▶ _Work order_
Except for the pictures, reproduce the records word for word.

▶ _Information supplied_
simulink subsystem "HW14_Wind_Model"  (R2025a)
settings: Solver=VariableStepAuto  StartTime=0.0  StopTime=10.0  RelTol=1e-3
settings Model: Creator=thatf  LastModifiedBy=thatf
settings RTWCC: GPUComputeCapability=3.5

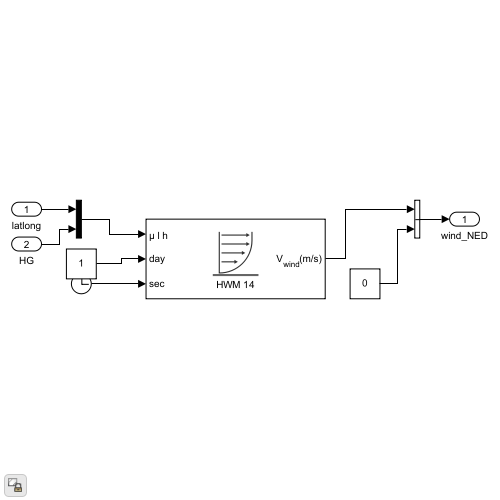
[thumbnail: Simulink's stored preview of the top-level diagram]
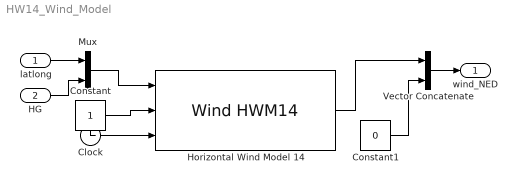
== system HW14_Wind_Model ==
  latlong : Inport
  HG : Inport  Port=2
  Clock : Clock
  Constant : Constant
  Constant1 : Constant  Value=0
  Horizontal Wind Model 14 : WindHWM14
  Mux : Mux  Inputs=2
  Vector Concatenate : Concatenate
  wind_NED : Outport
  wires:
  Horizontal Wind Model 14/1 -> Vector Concatenate/1
  latlong/1 -> Mux/1
  HG/1 -> Mux/2
  Mux/1 -> Horizontal Wind Model 14/1
  Clock/1 -> Horizontal Wind Model 14/3
  Constant/1 -> Horizontal Wind Model 14/2
  Vector Concatenate/1 -> wind_NED/1
  Constant1/1 -> Vector Concatenate/2

▶ _Answer section_
simulink subsystem "HW14_Wind_Model"  (R2025a)
settings: Solver=VariableStepAuto  StartTime=0.0  StopTime=10.0  RelTol=1e-3
settings Model: Creator=thatf  LastModifiedBy=thatf
settings RTWCC: GPUComputeCapability=3.5

[thumbnail: Simulink's stored preview of the top-level diagram]
== system HW14_Wind_Model ==
  latlong : Inport
  HG : Inport  Port=2
  Clock : Clock
  Constant : Constant
  Constant1 : Constant  Value=0
  Horizontal Wind Model 14 : WindHWM14
  Mux : Mux  Inputs=2
  Vector Concatenate : Concatenate
  wind_NED : Outport
  wires:
  Horizontal Wind Model 14/1 -> Vector Concatenate/1
  latlong/1 -> Mux/1
  HG/1 -> Mux/2
  Mux/1 -> Horizontal Wind Model 14/1
  Clock/1 -> Horizontal Wind Model 14/3
  Constant/1 -> Horizontal Wind Model 14/2
  Vector Concatenate/1 -> wind_NED/1
  Constant1/1 -> Vector Concatenate/2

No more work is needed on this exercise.